In this paper, we present an individual-level model of diffusion and choice. The two-stage nature of this model enables the representation of two consecutive sub-processes that comprise the adoption process: service consideration and brand choice.

The model adds to the scarce literature on individual and brand level diffusion models, and allows us to no longer regard all non-adopters as part of one homogeneous pool of potential market. Instead, the estimation of the model, using adoption data of a new service, facilitates the identification of potential customers from differing stages of the diffusion process. Moreover, the model enables us to identify the factors that have a significant influence on both types of potential customers, and to assess possible associations between the effects of these factors.

When we compare the performance and products of our proposed model with those of alternative existing models from either the diffusion or the choice literature, we see that in addition to a broader analysis (i.e., the notion of pre-adoption groups and the brand-level analysis), the model also provides superior fit and prediction accuracy.

In addition, the model also relates to the CRM literature with the insights it provides on different stages in the customer lifecycle.
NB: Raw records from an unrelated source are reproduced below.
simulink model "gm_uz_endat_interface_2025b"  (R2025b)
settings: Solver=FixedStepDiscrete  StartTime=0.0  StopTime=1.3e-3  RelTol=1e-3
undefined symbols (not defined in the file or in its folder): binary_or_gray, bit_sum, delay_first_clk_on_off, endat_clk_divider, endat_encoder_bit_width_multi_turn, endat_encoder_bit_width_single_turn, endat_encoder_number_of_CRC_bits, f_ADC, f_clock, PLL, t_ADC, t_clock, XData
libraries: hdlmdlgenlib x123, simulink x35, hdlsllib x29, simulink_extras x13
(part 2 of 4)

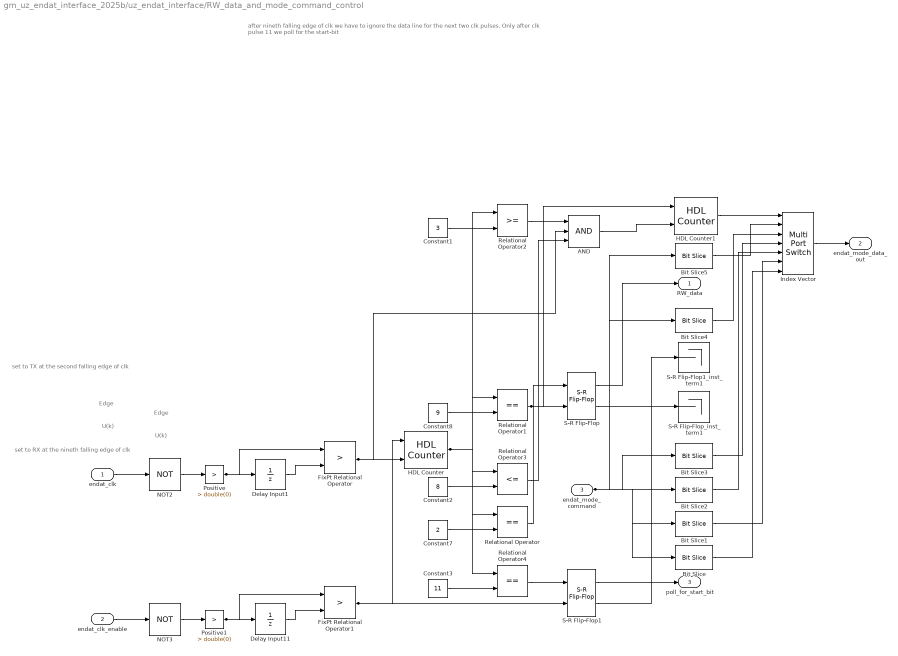
== system gm_uz_endat_interface_2025b/uz_endat_interface/RW_data_and_mode_command_control ==
  note: U(k)
  note: Edge
  note: U(k)
  note: Edge
  note: after nineth falling edge of clk we have to ignore the data line for the next two clk pulses. Only after clk pulse 11 we poll for the start-bit
  note: set to RX at the nineth falling edge of clk
  note: set to TX at the second falling edge of clk
  endat_clk : Inport  OutDataTypeStr=boolean  PortDimensions=1  SampleTime=1e-08
  endat_clk_enable : Inport  Port=2  OutDataTypeStr=boolean  PortDimensions=1  SampleTime=1e-08
  endat_mode_command : Inport  Port=3  OutDataTypeStr=uint32  PortDimensions=1  SampleTime=1e-08
  AND : Logic  Inputs=3  AllPortsSameDT=off  OutDataTypeStr=boolean  SampleTime=1e-08
  Bit Slice : hdlsllib/Logic and Bit Operations/Bit Slice  lidx=double(0)  ridx=double(0)
  Bit Slice1 : hdlsllib/Logic and Bit Operations/Bit Slice  lidx=double(1)  ridx=double(1)
  Bit Slice2 : hdlsllib/Logic and Bit Operations/Bit Slice  lidx=double(2)  ridx=double(2)
  Bit Slice3 : hdlsllib/Logic and Bit Operations/Bit Slice  lidx=double(3)  ridx=double(3)
  Bit Slice4 : hdlsllib/Logic and Bit Operations/Bit Slice  lidx=double(4)  ridx=double(4)
  Bit Slice5 : hdlsllib/Logic and Bit Operations/Bit Slice  lidx=double(5)  ridx=double(5)
  Constant1 : Constant  Value=3  OutDataTypeStr=uint8  SampleTime=1e-08
  Constant2 : Constant  Value=8  OutDataTypeStr=uint8  SampleTime=1e-08
  Constant3 : Constant  Value=11  OutDataTypeStr=uint8  SampleTime=1e-08
  Constant7 : Constant  Value=2  OutDataTypeStr=uint8  SampleTime=1e-08
  Constant8 : Constant  Value=9  OutDataTypeStr=uint8  SampleTime=1e-08
  Delay Input1 : UnitDelay  SampleTime=1e-08
  Delay Input11 : UnitDelay  SampleTime=1e-08
  FixPt Relational Operator : RelationalOperator  Operator=>  OutDataTypeStr=boolean  SampleTime=1e-08  InputSameDT=off
  FixPt Relational Operator1 : RelationalOperator  Operator=>  OutDataTypeStr=boolean  SampleTime=1e-08  InputSameDT=off
  HDL Counter : hdlsllib/Sources/HDL Counter  CountType=Free running  CountInit=0  CountStep=1  CountMax=25  CountFromType=Initial value  CountFrom=0  CountResetPort=on  CountLoadPort=off  CountEnbPort=on  CountDirPort=off  CountHitOutputPort=off  CountDataType=Unsigned  CountWordLen=8  CountFracLen=0  CountSampTime=1
  HDL Counter1 : hdlsllib/Sources/HDL Counter  CountType=Count limited  CountInit=0  CountStep=1  CountMax=5  CountFromType=Initial value  CountFrom=0  CountResetPort=on  CountLoadPort=off  CountEnbPort=on  CountDirPort=off  CountHitOutputPort=off  CountDataType=Unsigned  CountWordLen=8  CountFracLen=0  CountSampTime=1
  Index Vector : MultiPortSwitch  DataPortOrder=Zero-based contiguous  Inputs=6  DiagnosticForDefault=None  zeroidx=on  OutDataTypeStr=fixdt(0, 1, 0)  SampleTime=1e-08  SaturateOnIntegerOverflow=off  InputSameDT=off
  NOT2 : Logic  Operator=NOT  Inputs=1  AllPortsSameDT=off  OutDataTypeStr=boolean  SampleTime=1e-08
  NOT3 : Logic  Operator=NOT  Inputs=1  AllPortsSameDT=off  OutDataTypeStr=boolean  SampleTime=1e-08
  Positive : simulink/Logic and Bit Operations/Compare To Constant  relop=>  const=double(0)  OutDataTypeStr=boolean
  Positive1 : simulink/Logic and Bit Operations/Compare To Constant  relop=>  const=double(0)  OutDataTypeStr=boolean
  Relational Operator : RelationalOperator  Operator===  OutDataTypeStr=boolean  SampleTime=1e-08  InputSameDT=off
  Relational Operator1 : RelationalOperator  Operator===  OutDataTypeStr=boolean  SampleTime=1e-08  InputSameDT=off
  Relational Operator2 : RelationalOperator  OutDataTypeStr=boolean  SampleTime=1e-08  InputSameDT=off
  Relational Operator3 : RelationalOperator  Operator=<=  OutDataTypeStr=boolean  SampleTime=1e-08  InputSameDT=off
  Relational Operator4 : RelationalOperator  Operator===  OutDataTypeStr=boolean  SampleTime=1e-08  InputSameDT=off
  S-R Flip-Flop : simulink_extras/Flip Flops/S-R Flip-Flop  initial_condition=0
  S-R Flip-Flop1 : simulink_extras/Flip Flops/S-R Flip-Flop  initial_condition=0
  S-R Flip-Flop1_inst_term1 : Terminator
  S-R Flip-Flop_inst_term1 : Terminator
  RW_data : Outport  SampleTime=1e-08
  endat_mode_data_out : Outport  Port=2  SampleTime=1e-08
  poll_for_start_bit : Outport  Port=3  SampleTime=1e-08
  wires:
  endat_clk/1 -> NOT2/1
  Positive1/1 -> FixPt Relational Operator1/1, Delay Input11/1
  Bit Slice3/1 -> Index Vector/4
  endat_clk_enable/1 -> NOT3/1
  Delay Input1/1 -> FixPt Relational Operator/2
  NOT2/1 -> Positive/1
  Delay Input11/1 -> FixPt Relational Operator1/2
  NOT3/1 -> Positive1/1
  Positive/1 -> FixPt Relational Operator/1, Delay Input1/1
  FixPt Relational Operator/1 -> AND/2, HDL Counter/2
  FixPt Relational Operator1/1 -> S-R Flip-Flop1/2, HDL Counter/1
  Bit Slice4/1 -> Index Vector/3
  Constant1/1 -> Relational Operator2/2
  Constant7/1 -> Relational Operator/2
  Constant8/1 -> Relational Operator1/2
  HDL Counter/1 -> Relational Operator4/1, Relational Operator3/1, Relational Operator1/1, Relational Operator2/1, Relational Operator/1
  Constant3/1 -> Relational Operator4/2
  Constant2/1 -> Relational Operator3/2
  Relational Operator2/1 -> AND/1
  Relational Operator1/1 -> S-R Flip-Flop/2, HDL Counter1/1
  Relational Operator3/1 -> AND/3
  Relational Operator/1 -> S-R Flip-Flop/1
  Relational Operator4/1 -> S-R Flip-Flop1/1
  S-R Flip-Flop/2 -> S-R Flip-Flop_inst_term1/1
  S-R Flip-Flop/1 -> RW_data/1
  AND/1 -> HDL Counter1/2
  endat_mode_command/1 -> Bit Slice4/1, Bit Slice3/1, Bit Slice5/1, Bit Slice2/1, Bit Slice1/1, Bit Slice/1
  S-R Flip-Flop1/1 -> poll_for_start_bit/1
  S-R Flip-Flop1/2 -> S-R Flip-Flop1_inst_term1/1
  Index Vector/1 -> endat_mode_data_out/1
  HDL Counter1/1 -> Index Vector/1
  Bit Slice5/1 -> Index Vector/2
  Bit Slice2/1 -> Index Vector/5
  Bit Slice1/1 -> Index Vector/6
  Bit Slice/1 -> Index Vector/7

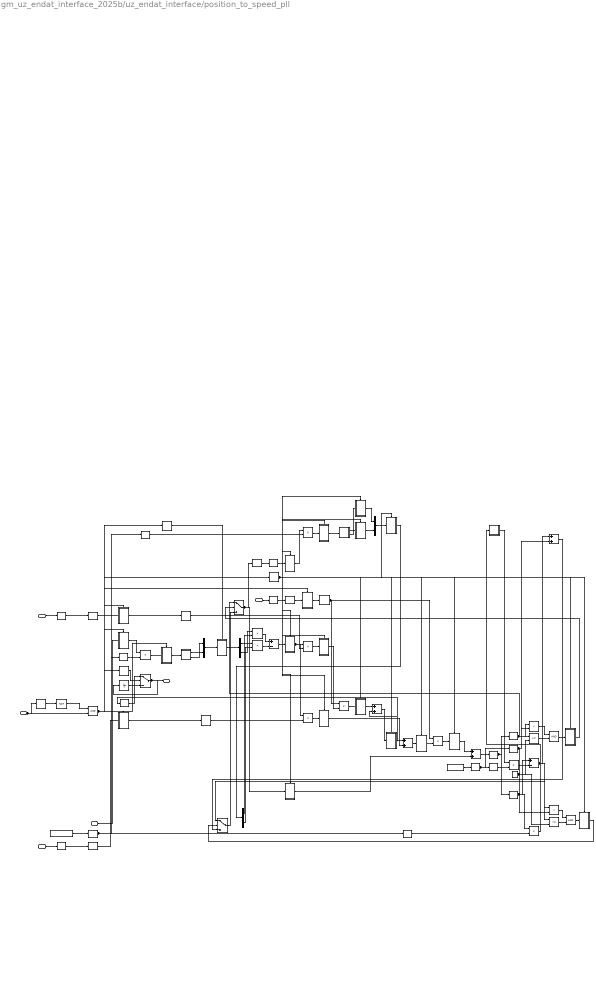
== system gm_uz_endat_interface_2025b/uz_endat_interface/position_to_speed_pll ==
  note: pi_controller
  note: +/- 198000
  note: -2 ... 2
  note: wrap 2pi
  note: <<1
  note: phase discriminator
  note: -1 ... 1
  note: pll
  note: -1 ... 1
  note: integrator
  note: 20
  note: +/- 1300
  note: remainder
  position_mech_SI : Inport  OutDataTypeStr=fixdt(0, 27, 24)  PortDimensions=1  SampleTime=1e-08
  t_sample : Inport  Port=2  OutDataTypeStr=fixdt(0, 18, 24)  PortDimensions=1  SampleTime=1e-08
  kp_pll : Inport  Port=3  OutDataTypeStr=fixdt(0, 18, 5)  PortDimensions=1  SampleTime=1e-08
  ki_pll : Inport  Port=4  OutDataTypeStr=fixdt(0, 18, 0)  PortDimensions=1  SampleTime=1e-08
  Trigger : Inport  Port=5  OutDataTypeStr=boolean  SampleTime=1e-08
  AND : Logic  AllPortsSameDT=off  OutDataTypeStr=boolean  SampleTime=1e-08
  AND1 : Logic  AllPortsSameDT=off  OutDataTypeStr=boolean  SampleTime=1e-08
  Constant1 : Constant  Value=0.1591548919677734375  OutDataTypeStr=fixdt(0, 18, 20)  SampleTime=1e-08
  Constant7 : Constant  Value=0  OutDataTypeStr=fixdt(0, 27, 24)  SampleTime=1e-08
  Constant8 : Constant  Value=6.283172607421875  OutDataTypeStr=fixdt(0, 18, 15)  SampleTime=1e-08
  Delay : Subsystem
      settings: MinAlgLoopOccurrences=on
  Delay1 : Subsystem
      settings: MinAlgLoopOccurrences=on
  Delay10 : Subsystem
      settings: MinAlgLoopOccurrences=on
  Delay11 : Subsystem
      settings: MinAlgLoopOccurrences=on
  Delay12 : Subsystem
      settings: MinAlgLoopOccurrences=on
  Delay13 : Subsystem
      settings: MinAlgLoopOccurrences=on
  Delay14 : Subsystem
      settings: MinAlgLoopOccurrences=on
  Delay18 : Subsystem
      settings: MinAlgLoopOccurrences=on
  Delay19 : Subsystem
      settings: MinAlgLoopOccurrences=on
  Delay2 : Subsystem
      settings: MinAlgLoopOccurrences=on
  Delay20 : Subsystem
      settings: MinAlgLoopOccurrences=on
  Delay21 : Subsystem
      settings: MinAlgLoopOccurrences=on
  Delay22 : Subsystem
      settings: MinAlgLoopOccurrences=on
  Delay23 : Subsystem
      settings: MinAlgLoopOccurrences=on
  Delay3 : Subsystem
      settings: MinAlgLoopOccurrences=on
  Delay4 : Subsystem
      settings: MinAlgLoopOccurrences=on
  Delay5 : Subsystem
      settings: MinAlgLoopOccurrences=on
  Delay6 : Subsystem
      settings: MinAlgLoopOccurrences=on
  Delay7 : Subsystem
      settings: MinAlgLoopOccurrences=on
  Delay8 : Subsystem
      settings: MinAlgLoopOccurrences=on
  Delay9 : Subsystem
      settings: MinAlgLoopOccurrences=on
  From{,1..6,11,13..15} (11 alike) : hdlmdlgenlib/Buffer
  Goto{,1..3,8,10..11} (7 alike) : hdlmdlgenlib/Buffer
  Product1 : Product  Inputs=**  OutDataTypeStr=fixdt(1, 27, 23)  SampleTime=1e-08
  Product10 : Product  Inputs=**  OutDataTypeStr=fixdt(1, 27, 20)  SampleTime=1e-08
  Product2 : Product  Inputs=**  OutDataTypeStr=fixdt(1, 27, 25)  SampleTime=1e-08
  Product3 : Product  Inputs=**  OutDataTypeStr=fixdt(1, 27, 25)  SampleTime=1e-08
  Product4 : Product  Inputs=**  OutDataTypeStr=fixdt(1, 27, 20)  SampleTime=1e-08
  Product5 : Product  Inputs=**  OutDataTypeStr=fixdt(1, 27, 8)  SampleTime=1e-08
  Product6 : Product  Inputs=**  OutDataTypeStr=fixdt(1, 27, 14)  SampleTime=1e-08
  Product7 : Product  Inputs=**  OutDataTypeStr=fixdt(1, 27, 23)  SampleTime=1e-08
  Product8 : Product  Inputs=**  OutDataTypeStr=fixdt(1, 27, 26)  SampleTime=1e-08
  Product9 : Product  Inputs=**  OutDataTypeStr=fixdt(1, 27, 20)  SampleTime=1e-08
  Relational Operator1 : RelationalOperator  Operator=<  OutDataTypeStr=boolean  SampleTime=1e-08  InputSameDT=off
  Relational Operator2 : RelationalOperator  OutDataTypeStr=boolean  SampleTime=1e-08  InputSameDT=off
  Relational Operator3 : RelationalOperator  Operator=<  OutDataTypeStr=boolean  SampleTime=1e-08  InputSameDT=off
  Relational Operator4 : RelationalOperator  OutDataTypeStr=boolean  SampleTime=1e-08  InputSameDT=off
  Sine HDL Optimized : Subsystem  mask(Sine and Cosine HDL optimized block){OutputFormula=sin(2*pi*u) and cos(2*pi*u), NumDataPoints=double(256), TableDataTypeStr=fixdt(0,26,20), SimulateLUTROMDelay=off}
      mask prompts: OutputFormula "Simulink:masks:OutputFormula_MP"; NumDataPoints "HDLShared:hdlshared:CosineHDL_Npts"; TableDataTypeStr "Simulink:blkprm_prompts:TABLE_UNIFIEDDATATYPE"; SimulateLUTROMDelay "HDLShared:hdlshared:CosineHDL_SimulateLUTDelay"
      mask help: Sine and Cosine HDL optimized block using quarter wave symmetry, and HDL friendly settings.
      mask init:
      | NumDataPoints = double(256);
      | OutputFormula = double(4);
      | SampleTime = double(-1);
      | SimulateLUTROMDelay = double(0);
      | TableDataTypeStr = fixdt(0,26,20);
      | curr_blk_name = 'uz_endat_interface_2025b/uz_endat_interface/position_to_speed_pll/Sine\nHDL Optimized';
      | sys_name = 'uz_endat_interface_2025b/uz_endat_interface/position_to_speed_pll';
      mask Help: helpview([docroot '/hdlcoder/helptargets.map'],'SineAndCosineHDL_Optimized');
      mask TypeOptions OutputFormula: sin(2*pi*u) | cos(2*pi*u) | exp(j*2*pi*u) | sin(2*pi*u) and cos(2*pi*u)
      mask Display:
      | port_label('input',1,'u')
      | port_label('output',1,'sin(2*pi*u)')
      | port_label('output',2,'cos(2*pi*u)')
      | xpos = 0.35;
      | yoffset = 0.5;
      | if ( SimulateLUTROMDelay )
      |   text(xpos,yoffset,'HDL (Z^{-1})','texmode','on')
      | else
      |    text(xpos,yoffset,'HDL')
      | end
  Sine HDL Optimized1 : Subsystem  mask(Sine and Cosine HDL optimized block){OutputFormula=sin(2*pi*u) and cos(2*pi*u), NumDataPoints=double(256), TableDataTypeStr=fixdt(0,26,20), SimulateLUTROMDelay=off}
      mask prompts: OutputFormula "Simulink:masks:OutputFormula_MP"; NumDataPoints "HDLShared:hdlshared:CosineHDL_Npts"; TableDataTypeStr "Simulink:blkprm_prompts:TABLE_UNIFIEDDATATYPE"; SimulateLUTROMDelay "HDLShared:hdlshared:CosineHDL_SimulateLUTDelay"
      mask help: Sine and Cosine HDL optimized block using quarter wave symmetry, and HDL friendly settings.
      mask init:
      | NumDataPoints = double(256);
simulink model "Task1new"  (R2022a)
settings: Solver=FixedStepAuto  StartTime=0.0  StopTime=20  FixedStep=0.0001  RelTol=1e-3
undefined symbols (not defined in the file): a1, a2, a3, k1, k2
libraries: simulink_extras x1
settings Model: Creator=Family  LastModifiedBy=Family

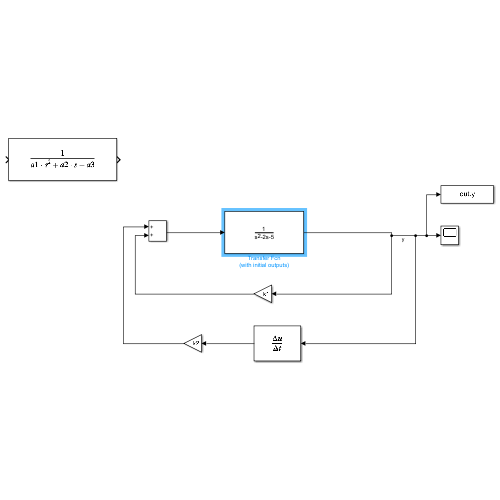
[thumbnail: Simulink's stored preview of the top-level diagram]
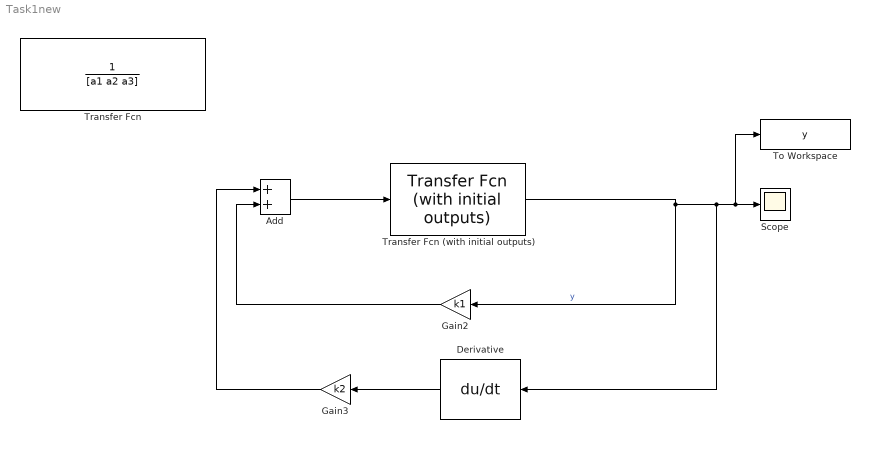
== system Task1new ==
  Add : Sum
  Derivative : Derivative
  Gain2 : Gain  Gain=k1
  Gain3 : Gain  Gain=k2
  Scope : Scope
  To Workspace : ToWorkspace  VariableName=y  SaveFormat=Timeseries  SampleTime=-1
  Transfer Fcn : TransferFcn  Denominator=[a1 a2 a3]
  Transfer Fcn (with initial outputs) : simulink_extras/Additional Linear/Transfer Fcn (with initial outputs)  N=[1]  D=[a1 a2 a3]  Y0=.5  U0=20
  wires:
  Transfer Fcn (with initial outputs)/1 -> Gain2/1, Derivative/1, To Workspace/1, Scope/1  "y"
  Derivative/1 -> Gain3/1
  Gain2/1 -> Add/2
  Gain3/1 -> Add/1
  Add/1 -> Transfer Fcn (with initial outputs)/1
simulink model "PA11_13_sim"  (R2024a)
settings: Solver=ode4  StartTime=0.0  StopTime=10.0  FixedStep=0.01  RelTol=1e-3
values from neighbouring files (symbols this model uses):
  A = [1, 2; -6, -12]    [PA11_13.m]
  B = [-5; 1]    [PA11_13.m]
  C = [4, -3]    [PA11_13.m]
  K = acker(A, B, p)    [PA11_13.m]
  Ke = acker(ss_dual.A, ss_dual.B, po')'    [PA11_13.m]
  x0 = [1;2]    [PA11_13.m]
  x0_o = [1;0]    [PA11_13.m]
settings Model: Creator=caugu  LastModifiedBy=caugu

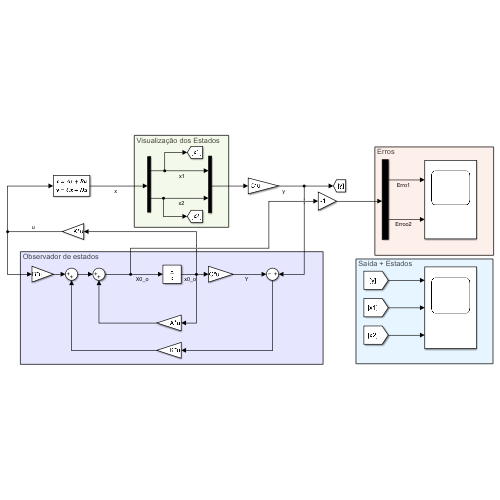
[thumbnail: Simulink's stored preview of the top-level diagram]
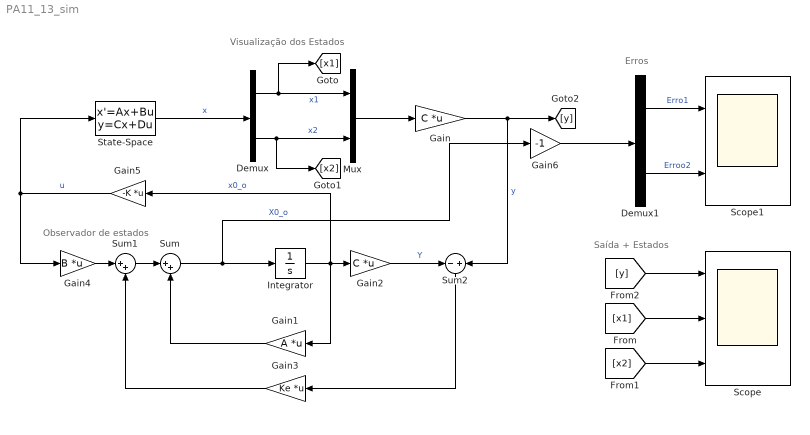
== system PA11_13_sim ==
  note: Visualização dos Estados
  note: Erros
  note: Saída + Estados
  note: Observador de estados
  Demux : Demux  Outputs=2
  Demux1 : Demux  Outputs=2
  Gain : Gain  Gain=C  Multiplication=Matrix(K*u)
  Gain1 : Gain  Gain=A  Multiplication=Matrix(K*u)
  Gain2 : Gain  Gain=C  Multiplication=Matrix(K*u)
  Gain3 : Gain  Gain=Ke  Multiplication=Matrix(K*u)
  Gain4 : Gain  Gain=B  Multiplication=Matrix(K*u)
  Gain5 : Gain  Gain=-K  Multiplication=Matrix(K*u)
  Gain6 : Gain  Gain=-1
  Integrator : Integrator  InitialCondition=x0_o
  Mux : Mux  Inputs=2
  Scope : Scope  NumInputPorts=3
  Scope1 : Scope  NumInputPorts=2
  State-Space : StateSpace  A=A  B=B  C=eye(2)  D=zeros(2,1)  InitialCondition=x0
  Sum : Sum  Inputs=|++
  Sum1 : Sum  Inputs=|++
  Sum2 : Sum  Inputs=-+
  wires:
  Demux1/1 -> Scope1/1  "Erro1"
  Sum/1 -> Gain6/1, Integrator/1  "X0_o"
  Demux/1 -> [x1], Mux/1  "x1"
  Gain6/1 -> Demux1/1
  Gain/1 -> [y], Sum2/2  "y"
  Mux/1 -> Gain/1
  [x1] -> Scope/2
  [y] -> Scope/1
  State-Space/1 -> Demux/1  "x"
  Integrator/1 -> Gain5/1, Gain2/1, Gain1/1  "x0_o"
  Sum1/1 -> Sum/1
  Demux/2 -> [x2], Mux/2  "x2"
  Sum2/1 -> Gain3/1
  Gain2/1 -> Sum2/1  "Y"
  Gain4/1 -> Sum1/1
  Gain1/1 -> Sum/2
  Gain5/1 -> State-Space/1, Gain4/1  "u"
  Demux1/2 -> Scope1/2  "Erroo2"
  Gain3/1 -> Sum1/2
  [x2] -> Scope/3

Unlike most product categories analyzed in the diffusion literature, the focus here is on the diffusion of a new service taking into account specific behavioral characteristics that are relevant also after the initial adoption of the service. These characteristics include active switching between service alternatives and the possibility to quit the service all together. Taking these behaviors into account allows us to draw insights that are broader than the limited pre-adoption perspective. Specifically, we no longer focus merely on customer acquisition but also expand the analysis framework to retention and development (Blattberg et al. 2001). Using information provided by the model on the likelihood of adoption together with that of switching to another service alternative or of quitting the service, managers can improve their ability to optimize marketing spending (direct and indirect) over different stages in the customer lifecycle.

Our two-stage-three-states model rests on the assumption that people, who went through the evaluation process but could not find any alternative that will improve their present situation, and therefore decided not to adopt (NC state), are fundamentally different from those who did not go down the evaluation path at all (NS state). We called this path (process) “consideration”. All people who ended up adopting one of the new service alternatives went through the consideration process, but not all people who considered ended up adopting the service. The consideration process requires investment of time and effort for collecting and processing information about the merits of the various alternatives offered. Before doing so, people in the NS state have some expectation about the possible gain from this process. Naturally, at this stage people have a rather vague idea about the possible gains, so the variance around their expectation is rather large. Some people find this expectation too small and/or the variance too large to be worth the investment, so they opt not to enter the consideration process. Those who perceive the odds to be favorable take the chance and invest the necessary resources to evaluate the alternatives. Among them, some do not find any alternative that is worth their while. These people may resume the evaluation process very easily with every change in the market without having to invest all the resources that go into a full fledged evaluation. They are relatively easy prey for marketing effort.

In the present paper we modified well known models to construct our individual level service diffusion and brand choice model. One could try to develop such a model from overall utility maximization principles. For example, investment in consideration (time and effort) could be viewed as means to reduce the variance of the gain expected from an alternative. Risk attitude maybe incorporated in the utility function. This way expected utility conditioned on consideration will differ from unconditional expected utility of people in the NS state. We leave the challenge of such formal development to future research.